#### DATASET EXCERPTS:
──────────

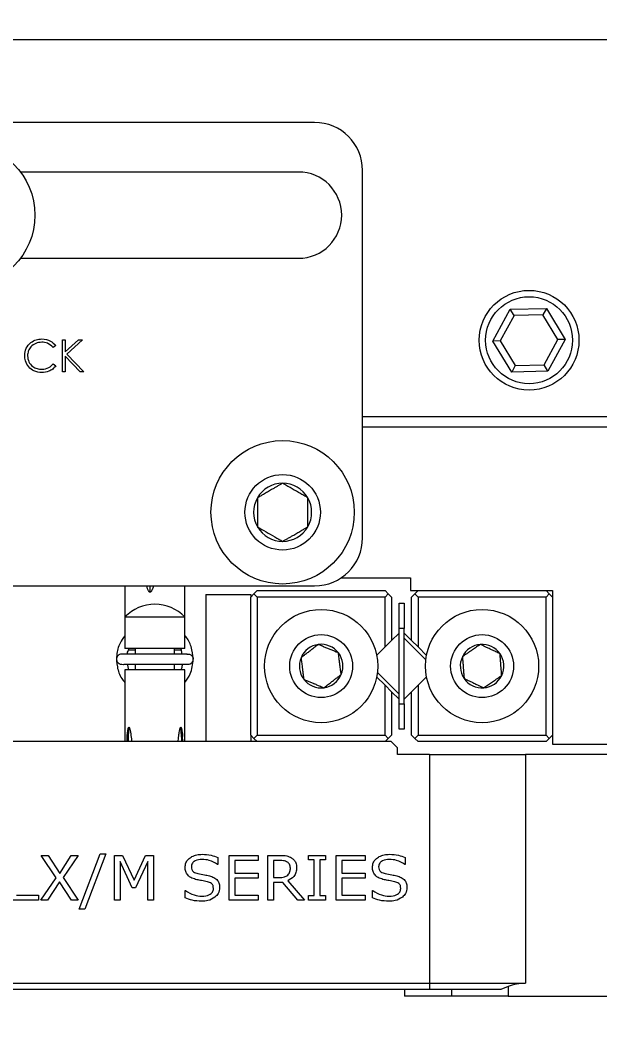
# Model space of a CAD drawing. Header units: millimetres. Extents: x 2 to 278, y 1 to 215.
# Drawn here: x 207.46 to 218.99, y 104.48 to 124.48 of the extents above; entities that cross this region are included whole.
import ezdxf

# ---------------------------------------------------------------- set-up
doc = ezdxf.new("R2010")
doc.units = ezdxf.units.MM
doc.styles.add('SLDTEXTSTYLE0', font='TXT', dxfattribs={"width": 0.75})
doc.dimstyles.new('SLDDIMSTYLE0', dxfattribs={"dimtxt": 2.116667, "dimasz": 3.175, "dimexe": 0, "dimexo": 0.0625, "dimgap": 0.529167, "dimtad": 0, "dimtih": 1, "dimtoh": 1, "dimdec": 1, "dimlfac": 2, "dimrnd": 1e-09, "dimzin": 12, "dimdsep": 46, "dimtxsty": 'SLDTEXTSTYLE0', "dimsah": 1, "dimcen": 0.09, "dimadec": 0, "dimazin": 3, "dimtfac": 1, "dimtdec": 1, "dimtofl": 0, "dimtmove": 0, "dimatfit": 3, "dimfxl": 1, "dimfrac": 2, "dimtolj": 1, "dimtzin": 12, "dimarcsym": 0})

# ---------------------------------------------------------------- blocks, each defined once
blk = doc.blocks.new('_D')
at = {"color": 7, "linetype": 'Continuous', "lineweight": 0}
for p, q in [((231.682, 110.808), (231.682, 106.141)), ((189.058, 107.306), (189.058, 83.989)), ((231.682, 103.601), (231.682, 83.989)), ((189.058, 85.767), (203.779, 85.767)), ((206.492, 85.767), (205.848, 85.767)), ((205.848, 85.767), (205.848, 82.404)), ((214.249, 85.767), (214.893, 85.767)), ((214.893, 85.767), (214.893, 82.404)), ((231.682, 85.767), (216.961, 85.767)), ((205.848, 82.404), (206.492, 82.404)), ((214.893, 82.404), (214.249, 82.404))]:
    blk.add_line(p, q, dxfattribs=at)
at = {"color": 7, "linetype": 'Continuous', "lineweight": 18}
for points in [[(189.058, 85.767), (192.233, 85.259), (192.233, 86.275)], [(231.682, 85.767), (228.507, 86.275), (228.507, 85.259)]]:
    blk.add_solid(points, dxfattribs=at)
at = {"color": 7, "linetype": 'Continuous', "lineweight": 18, "char_height": 2.1167, "attachment_point": 1, "style": 'SLDTEXTSTYLE0'}
for s, insert in [('85.2mm', (204.988, 88.925)), ('3.36in', (206.492, 85.132))]:
    blk.add_mtext(s, dxfattribs=dict(at, insert=insert))
blk = doc.blocks.new('_D_2')
at = {"color": 7, "linetype": 'Continuous', "lineweight": 0}
for p, q in [((190.079, 115.33), (190.079, 95.834)), ((227.182, 110.173), (227.182, 95.834)), ((190.079, 97.612), (202.039, 97.612)), ((204.752, 97.612), (204.108, 97.612)), ((204.108, 97.612), (204.108, 94.249)), ((212.509, 97.612), (213.153, 97.612)), ((213.153, 97.612), (213.153, 94.249)), ((227.182, 97.612), (215.221, 97.612)), ((204.108, 94.249), (204.752, 94.249)), ((213.153, 94.249), (212.509, 94.249))]:
    blk.add_line(p, q, dxfattribs=at)
at = {"color": 7, "linetype": 'Continuous', "lineweight": 18}
for points in [[(190.079, 97.612), (193.254, 97.104), (193.254, 98.12)], [(227.182, 97.612), (224.007, 98.12), (224.007, 97.104)]]:
    blk.add_solid(points, dxfattribs=at)
at = {"color": 7, "linetype": 'Continuous', "lineweight": 18, "char_height": 2.1167, "attachment_point": 1, "style": 'SLDTEXTSTYLE0'}
for s, insert in [('74.2mm', (203.248, 100.77)), ('2.92in', (204.752, 96.978))]:
    blk.add_mtext(s, dxfattribs=dict(at, insert=insert))
blk = doc.blocks.new('_D_4')
at = {"color": 7, "linetype": 'Continuous', "lineweight": 0}
for p, q in [((190.079, 132.945), (190.079, 140.251)), ((214.682, 140.425), (214.038, 140.425)), ((214.038, 140.425), (214.038, 137.062)), ((222.439, 140.425), (223.083, 140.425)), ((223.083, 140.425), (223.083, 137.062)), ((247.043, 121.974), (247.043, 140.251)), ((190.079, 138.473), (211.501, 138.473)), ((247.043, 138.473), (225.62, 138.473)), ((214.038, 137.062), (214.682, 137.062)), ((223.083, 137.062), (222.439, 137.062)), ((190.079, 125.363), (190.079, 130.405))]:
    blk.add_line(p, q, dxfattribs=at)
at = {"color": 7, "linetype": 'Continuous', "lineweight": 18}
for points in [[(190.079, 138.473), (193.254, 137.965), (193.254, 138.981)], [(247.043, 138.473), (243.868, 138.981), (243.868, 137.965)]]:
    blk.add_solid(points, dxfattribs=at)
at = {"color": 7, "linetype": 'Continuous', "lineweight": 18, "char_height": 2.1167, "attachment_point": 1, "style": 'SLDTEXTSTYLE0'}
for s, insert in [('113.9mm', (212.397, 143.583)), ('4.49in', (214.682, 139.79)), ('NOMINAL', (211.93, 135.998))]:
    blk.add_mtext(s, dxfattribs=dict(at, insert=insert))

msp = doc.modelspace()

# ---------------------------------------------------------------- linework, layer by layer
at = {"color": 7, "linetype": 'Continuous', "lineweight": 18}
for p, q in [((219.404, 124.093), (193.254, 124.093)), ((213.314, 122.452), (199.344, 122.452)), ((212.996, 121.467), (207.467, 121.467)), ((214.266, 114.197), (214.266, 121.499)), ((207.467, 119.753), (212.996, 119.753)), ((216.859, 118.108), (217.205, 118.739)), ((217.205, 118.739), (217.924, 118.755)), ((217.281, 118.614), (217.205, 118.739)), ((217.854, 118.627), (217.281, 118.614)), ((217.924, 118.755), (217.854, 118.627)), ((218.151, 118.137), (217.854, 118.627)), ((217.924, 118.755), (218.298, 118.141)), ((217.281, 118.614), (217.006, 118.111)), ((208.299, 118.134), (208.356, 118.134)), ((208.299, 117.499), (208.299, 118.134)), ((208.356, 117.892), (208.62, 118.134)), ((208.356, 118.134), (208.356, 117.892)), ((208.702, 118.134), (208.39, 117.849)), ((208.62, 118.134), (208.702, 118.134)), ((217.006, 118.111), (216.859, 118.108)), ((217.233, 117.493), (216.859, 118.108)), ((217.006, 118.111), (217.303, 117.622)), ((217.876, 117.635), (218.151, 118.137)), ((218.298, 118.141), (217.952, 117.509)), ((218.298, 118.141), (218.151, 118.137)), ((208.168, 118.017), (208.119, 117.979)), ((208.39, 117.849), (208.726, 117.499)), ((208.119, 117.653), (208.168, 117.615)), ((208.356, 117.805), (208.356, 117.499)), ((208.65, 117.499), (208.356, 117.805)), ((217.303, 117.622), (217.876, 117.635)), ((217.952, 117.509), (217.876, 117.635)), ((208.356, 117.499), (208.299, 117.499)), ((208.726, 117.499), (208.65, 117.499)), ((217.303, 117.622), (217.233, 117.493)), ((217.952, 117.509), (217.233, 117.493)), ((219.404, 116.6), (214.266, 116.6)), ((219.404, 116.394), (214.266, 116.394)), ((199.344, 113.244), (213.314, 113.244)), ((209.543, 113.244), (209.543, 112.625)), ((210.042, 113.117), (210.045, 113.244)), ((210.042, 113.117), (210.042, 113.244)), ((210.734, 112.625), (210.734, 113.244)), ((213.84, 113.403), (215.219, 113.403)), ((215.219, 113.403), (215.219, 113.149)), ((211.155, 113.07), (211.155, 110.149)), ((211.155, 113.07), (212.044, 113.07)), ((212.044, 113.022), (212.107, 113.085)), ((212.044, 113.07), (212.044, 113.022)), ((212.107, 113.085), (212.171, 113.149)), ((212.171, 113.022), (212.107, 113.085)), ((212.171, 113.149), (214.717, 113.149)), ((214.717, 113.149), (214.78, 113.085)), ((214.717, 113.022), (214.78, 113.085)), ((214.78, 113.085), (214.844, 113.022)), ((215.219, 113.149), (218.044, 113.149)), ((215.244, 113.022), (215.307, 113.085)), ((215.307, 113.085), (215.371, 113.149)), ((215.307, 113.085), (215.371, 113.022)), ((217.917, 113.149), (217.98, 113.085)), ((217.98, 113.085), (217.917, 113.022)), ((217.98, 113.085), (218.044, 113.022)), ((218.044, 113.149), (218.044, 110.101)), ((212.044, 110.276), (212.044, 113.022)), ((212.171, 113.022), (212.171, 110.276)), ((214.717, 113.022), (212.171, 113.022)), ((214.717, 112.029), (214.717, 113.022)), ((214.844, 113.022), (214.844, 112.156)), ((214.994, 112.899), (215.094, 112.899)), ((214.994, 112.399), (214.994, 112.899)), ((215.094, 112.899), (215.094, 112.399)), ((215.244, 112.156), (215.244, 113.022)), ((215.371, 113.022), (215.371, 112.029)), ((217.917, 113.022), (215.371, 113.022)), ((217.917, 110.276), (217.917, 113.022)), ((209.543, 112.625), (209.543, 111.996)), ((209.543, 112.625), (210.734, 112.625)), ((210.734, 111.996), (210.734, 112.625)), ((214.994, 112.306), (214.844, 112.156)), ((215.094, 112.399), (214.994, 112.399)), ((214.994, 110.899), (214.994, 112.399)), ((215.094, 110.899), (215.094, 112.399)), ((215.094, 112.306), (215.244, 112.156)), ((214.548, 111.861), (214.717, 112.029)), ((214.844, 112.156), (214.717, 112.029)), ((215.094, 112.206), (215.526, 111.774)), ((215.371, 112.029), (215.244, 112.156)), ((215.371, 112.029), (215.539, 111.861)), ((210.734, 111.996), (209.543, 111.996)), ((209.616, 111.974), (209.745, 111.974)), ((209.745, 111.996), (209.745, 111.889)), ((210.532, 111.889), (210.532, 111.996)), ((210.532, 111.974), (210.666, 111.974)), ((210.656, 111.996), (210.677, 111.889)), ((209.624, 111.577), (209.593, 111.691)), ((209.745, 111.685), (209.745, 111.577)), ((210.532, 111.577), (210.532, 111.685)), ((209.543, 111.577), (209.543, 110.149)), ((210.734, 111.577), (209.543, 111.577)), ((210.734, 110.149), (210.734, 111.577)), ((214.717, 111.268), (214.548, 111.437)), ((214.562, 111.523), (214.994, 111.091)), ((215.539, 111.437), (215.371, 111.268)), ((214.717, 110.276), (214.717, 111.268)), ((214.717, 111.268), (214.844, 111.141)), ((215.244, 111.141), (215.371, 111.268)), ((215.371, 111.268), (215.371, 110.276)), ((214.844, 111.141), (214.994, 110.991)), ((214.844, 111.141), (214.844, 110.276)), ((215.094, 110.991), (215.244, 111.141)), ((215.244, 110.276), (215.244, 111.141)), ((214.994, 110.899), (215.094, 110.899)), ((214.994, 110.399), (214.994, 110.899)), ((215.094, 110.899), (215.094, 110.399)), ((209.59, 110.267), (209.582, 110.149)), ((210.695, 110.149), (210.688, 110.252)), ((212.107, 110.212), (212.044, 110.276)), ((212.044, 110.276), (212.044, 110.149)), ((212.107, 110.212), (212.171, 110.276)), ((212.171, 110.276), (214.717, 110.276)), ((214.78, 110.212), (214.717, 110.276)), ((214.844, 110.276), (214.78, 110.212)), ((215.094, 110.399), (214.994, 110.399)), ((215.307, 110.212), (215.244, 110.276)), ((215.371, 110.276), (215.307, 110.212)), ((215.371, 110.276), (217.917, 110.276)), ((217.917, 110.276), (217.98, 110.212)), ((218.044, 110.276), (217.98, 110.212)), ((211.599, 110.149), (201.058, 110.149)), ((214.838, 110.149), (211.599, 110.149)), ((212.171, 110.149), (212.107, 110.212)), ((214.78, 110.212), (214.717, 110.149)), ((214.965, 110.022), (214.838, 110.149)), ((215.371, 110.149), (215.307, 110.212)), ((217.917, 110.149), (215.371, 110.149)), ((217.98, 110.212), (217.917, 110.149)), ((218.044, 110.101), (219.404, 110.101)), ((214.965, 109.895), (214.965, 110.022)), ((215.6, 109.895), (214.965, 109.895)), ((215.6, 109.895), (215.6, 105.347)), ((215.6, 109.895), (217.505, 109.895)), ((217.505, 109.895), (217.505, 105.347)), ((222.585, 109.895), (217.505, 109.895)), ((207.881, 107.887), (208.016, 107.887)), ((208.174, 107.442), (207.881, 107.887)), ((208.016, 107.887), (208.246, 107.526)), ((208.246, 107.526), (208.477, 107.887)), ((208.613, 107.887), (208.312, 107.448)), ((208.477, 107.887), (208.613, 107.887)), ((208.635, 106.818), (209.054, 107.921)), ((209.164, 107.921), (208.744, 106.818)), ((209.054, 107.921), (209.164, 107.921)), ((209.333, 107.887), (209.495, 107.887)), ((209.333, 106.998), (209.333, 107.887)), ((209.495, 107.887), (209.728, 107.394)), ((209.728, 107.394), (209.952, 107.887)), ((209.952, 107.887), (210.11, 107.887)), ((210.11, 107.887), (210.11, 106.998)), ((211.392, 107.848), (211.392, 107.707)), ((211.618, 107.887), (212.191, 107.887)), ((211.618, 106.998), (211.618, 107.887)), ((212.191, 107.887), (212.191, 107.786)), ((212.383, 107.887), (212.628, 107.887)), ((212.383, 106.998), (212.383, 107.887)), ((213.193, 107.887), (213.531, 107.887)), ((213.193, 107.797), (213.193, 107.887)), ((213.531, 107.887), (213.531, 107.797)), ((213.744, 107.887), (214.318, 107.887)), ((213.744, 106.998), (213.744, 107.887)), ((214.318, 107.887), (214.318, 107.786)), ((215.117, 107.848), (215.117, 107.707)), ((209.446, 107.765), (209.446, 106.998)), ((209.686, 107.246), (209.446, 107.765)), ((209.997, 107.765), (209.755, 107.246)), ((209.997, 106.998), (209.997, 107.765)), ((211.392, 107.707), (211.384, 107.707)), ((211.73, 107.786), (211.73, 107.538)), ((212.191, 107.786), (211.73, 107.786)), ((212.495, 107.786), (212.495, 107.448)), ((212.633, 107.786), (212.495, 107.786)), ((213.306, 107.797), (213.193, 107.797)), ((213.306, 107.088), (213.306, 107.797)), ((213.418, 107.797), (213.418, 107.088)), ((213.531, 107.797), (213.418, 107.797)), ((213.857, 107.786), (213.857, 107.538)), ((214.318, 107.786), (213.857, 107.786)), ((215.117, 107.707), (215.109, 107.707)), ((207.87, 106.998), (208.174, 107.442)), ((208.312, 107.448), (208.613, 106.998)), ((211.73, 107.538), (212.191, 107.538)), ((211.73, 107.437), (211.73, 107.1)), ((212.191, 107.437), (211.73, 107.437)), ((212.191, 107.538), (212.191, 107.437)), ((212.495, 107.448), (212.614, 107.448)), ((213.857, 107.538), (214.318, 107.538)), ((213.857, 107.437), (213.857, 107.1)), ((214.318, 107.437), (213.857, 107.437)), ((214.318, 107.538), (214.318, 107.437)), ((208.24, 107.364), (208.007, 106.998)), ((208.478, 106.998), (208.24, 107.364)), ((209.755, 107.246), (209.686, 107.246)), ((212.495, 107.347), (212.495, 106.998)), ((212.681, 107.347), (212.495, 107.347)), ((212.979, 106.998), (212.681, 107.347)), ((212.779, 107.383), (213.114, 106.998)), ((207.386, 107.1), (207.825, 107.1)), ((207.825, 107.1), (207.825, 106.998)), ((210.74, 107.19), (210.748, 107.19)), ((210.74, 107.045), (210.74, 107.19)), ((211.73, 107.1), (212.191, 107.1)), ((212.191, 107.1), (212.191, 106.998)), ((213.193, 107.088), (213.306, 107.088)), ((213.193, 106.998), (213.193, 107.088)), ((213.418, 107.088), (213.531, 107.088)), ((213.531, 107.088), (213.531, 106.998)), ((213.857, 107.1), (214.318, 107.1)), ((214.318, 107.1), (214.318, 106.998)), ((214.465, 107.19), (214.473, 107.19)), ((214.465, 107.045), (214.465, 107.19)), ((207.825, 106.998), (207.274, 106.998)), ((208.007, 106.998), (207.87, 106.998)), ((208.613, 106.998), (208.478, 106.998)), ((209.446, 106.998), (209.333, 106.998)), ((210.11, 106.998), (209.997, 106.998)), ((212.191, 106.998), (211.618, 106.998)), ((212.495, 106.998), (212.383, 106.998)), ((213.114, 106.998), (212.979, 106.998)), ((213.531, 106.998), (213.193, 106.998)), ((214.318, 106.998), (213.744, 106.998)), ((208.744, 106.818), (208.635, 106.818)), ((197.058, 105.347), (215.6, 105.347)), ((215.6, 105.347), (217.505, 105.347)), ((215.6, 105.347), (215.6, 105.22)), ((217.164, 105.284), (217.017, 105.22)), ((217.164, 105.284), (217.164, 105.093)), ((215.6, 105.22), (197.058, 105.22)), ((215.104, 105.22), (215.104, 105.093)), ((216.034, 105.093), (215.104, 105.093)), ((217.017, 105.22), (215.6, 105.22)), ((216.034, 105.22), (216.034, 105.093)), ((217.164, 105.093), (216.034, 105.093)), ((217.164, 105.093), (222.585, 105.093))]:
    msp.add_line(p, q, dxfattribs=at)
for centre, radius in [((206.329, 120.61), 1.425), ((217.579, 118.124), 0.991), ((217.579, 118.124), 0.864), ((212.679, 114.705), 1.425), ((212.679, 114.705), 0.75), ((213.444, 111.649), 1.125), ((216.644, 111.649), 1.125), ((213.444, 111.649), 0.625), ((216.644, 111.649), 0.625)]:
    msp.add_circle(centre, radius, dxfattribs=at)
for centre, radius, start, end in [((213.314, 121.499), 0.953, 0, 90), ((212.996, 120.61), 0.857, 270, 90), ((212.679, 114.705), 0.577, 90.1803, 150.1803), ((212.679, 114.705), 0.577, 30.1803, 90.1803), ((212.679, 114.705), 0.577, 150.1803, 210.1803), ((212.679, 114.705), 0.577, 330.1803, 30.1803), ((212.679, 114.705), 0.577, 210.1803, 270.1803), ((212.679, 114.705), 0.577, 270.1803, 330.1803), ((213.314, 114.197), 0.953, 270, 0), ((210.139, 112.054), 0.825, 90, 136.1906), ((210.139, 112.054), 0.825, 43.8094, 90), ((213.444, 111.649), 0.433, 97.308, 157.308), ((213.444, 111.649), 0.433, 37.308, 97.308), ((216.644, 111.649), 0.433, 94.4466, 154.4466), ((216.644, 111.649), 0.433, 34.4466, 94.4466), ((213.444, 111.649), 0.433, 337.308, 37.308), ((216.644, 111.649), 0.433, 154.4466, 214.4466), ((216.644, 111.649), 0.433, 334.4466, 34.4466), ((210.799, 111.787), 0.102, 256.7847, 0.0111), ((213.444, 111.649), 0.433, 157.308, 217.308), ((213.444, 111.649), 0.433, 277.308, 337.308), ((216.644, 111.649), 0.433, 274.4466, 334.4466), ((213.444, 111.649), 0.433, 217.308, 277.308), ((216.644, 111.649), 0.433, 214.4466, 274.4466)]:
    msp.add_arc(centre, radius, start, end, dxfattribs=at)
for points, knots in [([(207.55, 117.82), (207.556, 117.87), (207.567, 117.969), (207.661, 118.078), (207.774, 118.141), (207.852, 118.147), (207.891, 118.15)], [0, 0, 0, 0, 0.279512, 0.55908, 0.779374, 1, 1, 1, 1]), ([(207.888, 118.085), (207.847, 118.08), (207.766, 118.071), (207.672, 118.002), (207.615, 117.911), (207.61, 117.847), (207.607, 117.815)], [0, 0, 0, 0, 0.279856, 0.559519, 0.779686, 1, 1, 1, 1]), ([(208.119, 117.979), (208.082, 118.013), (208.016, 118.074), (207.927, 118.082), (207.888, 118.085)], [0, 0, 0, 0, 0.558427, 1, 1, 1, 1]), ([(207.891, 118.15), (207.952, 118.143), (208.061, 118.131), (208.136, 118.052), (208.168, 118.017)], [0, 0, 0, 0, 0.559517, 1, 1, 1, 1]), ([(207.63, 117.593), (207.604, 117.632), (207.557, 117.701), (207.552, 117.783), (207.55, 117.82)], [0, 0, 0, 0, 0.559029, 1, 1, 1, 1]), ([(207.607, 117.815), (207.612, 117.774), (207.621, 117.692), (207.701, 117.604), (207.795, 117.554), (207.86, 117.55), (207.892, 117.547)], [0, 0, 0, 0, 0.279434, 0.558921, 0.779283, 1, 1, 1, 1]), ([(207.892, 117.547), (207.941, 117.553), (208.029, 117.564), (208.091, 117.626), (208.119, 117.653)], [0, 0, 0, 0, 0.558772, 1, 1, 1, 1]), ([(207.892, 117.482), (207.836, 117.487), (207.736, 117.496), (207.662, 117.563), (207.63, 117.593)], [0, 0, 0, 0, 0.559804, 1, 1, 1, 1]), ([(208.168, 117.615), (208.149, 117.593), (208.11, 117.548), (208.016, 117.494), (207.939, 117.487), (207.892, 117.482)], [0, 0, 0, 0, 0.28041, 0.560795, 1, 1, 1, 1]), ([(212.677, 115.282), (212.66, 115.272), (212.626, 115.252), (212.573, 115.221), (212.517, 115.189), (212.465, 115.159), (212.419, 115.132), (212.378, 115.108), (212.338, 115.085), (212.3, 115.063), (212.256, 115.037), (212.216, 115.014), (212.187, 114.997), (212.178, 114.992)], [0, 0, 0, 0, 0.107745, 0.216086, 0.327188, 0.439788, 0.516283, 0.593432, 0.672515, 0.752184, 0.81378, 0.937706, 1, 1, 1, 1]), ([(213.178, 114.995), (213.172, 114.998), (213.153, 115.009), (213.128, 115.023), (213.096, 115.042), (213.062, 115.061), (213.019, 115.085), (212.975, 115.111), (212.932, 115.136), (212.889, 115.16), (212.847, 115.185), (212.805, 115.209), (212.77, 115.229), (212.734, 115.249), (212.705, 115.266), (212.684, 115.278), (212.677, 115.282)], [0, 0, 0, 0, 0.03883, 0.1166, 0.155556, 0.238619, 0.322154, 0.407544, 0.493762, 0.57354, 0.654037, 0.736529, 0.819573, 0.864564, 0.954781, 1, 1, 1, 1]), ([(212.178, 114.992), (212.178, 114.982), (212.178, 114.953), (212.178, 114.902), (212.178, 114.839), (212.178, 114.784), (212.178, 114.728), (212.179, 114.677), (212.179, 114.623), (212.179, 114.584), (212.179, 114.537), (212.179, 114.482), (212.179, 114.437), (212.179, 114.414)], [0, 0, 0, 0, 0.053852, 0.161882, 0.271577, 0.383399, 0.439843, 0.554825, 0.632946, 0.712331, 0.752208, 0.875679, 1, 1, 1, 1]), ([(213.179, 114.417), (213.179, 114.457), (213.179, 114.537), (213.179, 114.656), (213.178, 114.764), (213.178, 114.85), (213.178, 114.927), (213.178, 114.972), (213.178, 114.995)], [0, 0, 0, 0, 0.216119, 0.439625, 0.593243, 0.751996, 0.87543, 1, 1, 1, 1]), ([(212.179, 114.414), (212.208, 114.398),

──────────

Working from the material above, restate word for word the lines between the line with "for centre, radius, start, end" and the line with "msp.add_arc(centre, radius, start, end, dxfattribs=at)", both included, and only those.

#### ANSWER SPACE:
for centre, radius, start, end in [((213.314, 121.499), 0.953, 0, 90), ((212.996, 120.61), 0.857, 270, 90), ((212.679, 114.705), 0.577, 90.1803, 150.1803), ((212.679, 114.705), 0.577, 30.1803, 90.1803), ((212.679, 114.705), 0.577, 150.1803, 210.1803), ((212.679, 114.705), 0.577, 330.1803, 30.1803), ((212.679, 114.705), 0.577, 210.1803, 270.1803), ((212.679, 114.705), 0.577, 270.1803, 330.1803), ((213.314, 114.197), 0.953, 270, 0), ((210.139, 112.054), 0.825, 90, 136.1906), ((210.139, 112.054), 0.825, 43.8094, 90), ((213.444, 111.649), 0.433, 97.308, 157.308), ((213.444, 111.649), 0.433, 37.308, 97.308), ((216.644, 111.649), 0.433, 94.4466, 154.4466), ((216.644, 111.649), 0.433, 34.4466, 94.4466), ((213.444, 111.649), 0.433, 337.308, 37.308), ((216.644, 111.649), 0.433, 154.4466, 214.4466), ((216.644, 111.649), 0.433, 334.4466, 34.4466), ((210.799, 111.787), 0.102, 256.7847, 0.0111), ((213.444, 111.649), 0.433, 157.308, 217.308), ((213.444, 111.649), 0.433, 277.308, 337.308), ((216.644, 111.649), 0.433, 274.4466, 334.4466), ((213.444, 111.649), 0.433, 217.308, 277.308), ((216.644, 111.649), 0.433, 214.4466, 274.4466)]:
    msp.add_arc(centre, radius, start, end, dxfattribs=at)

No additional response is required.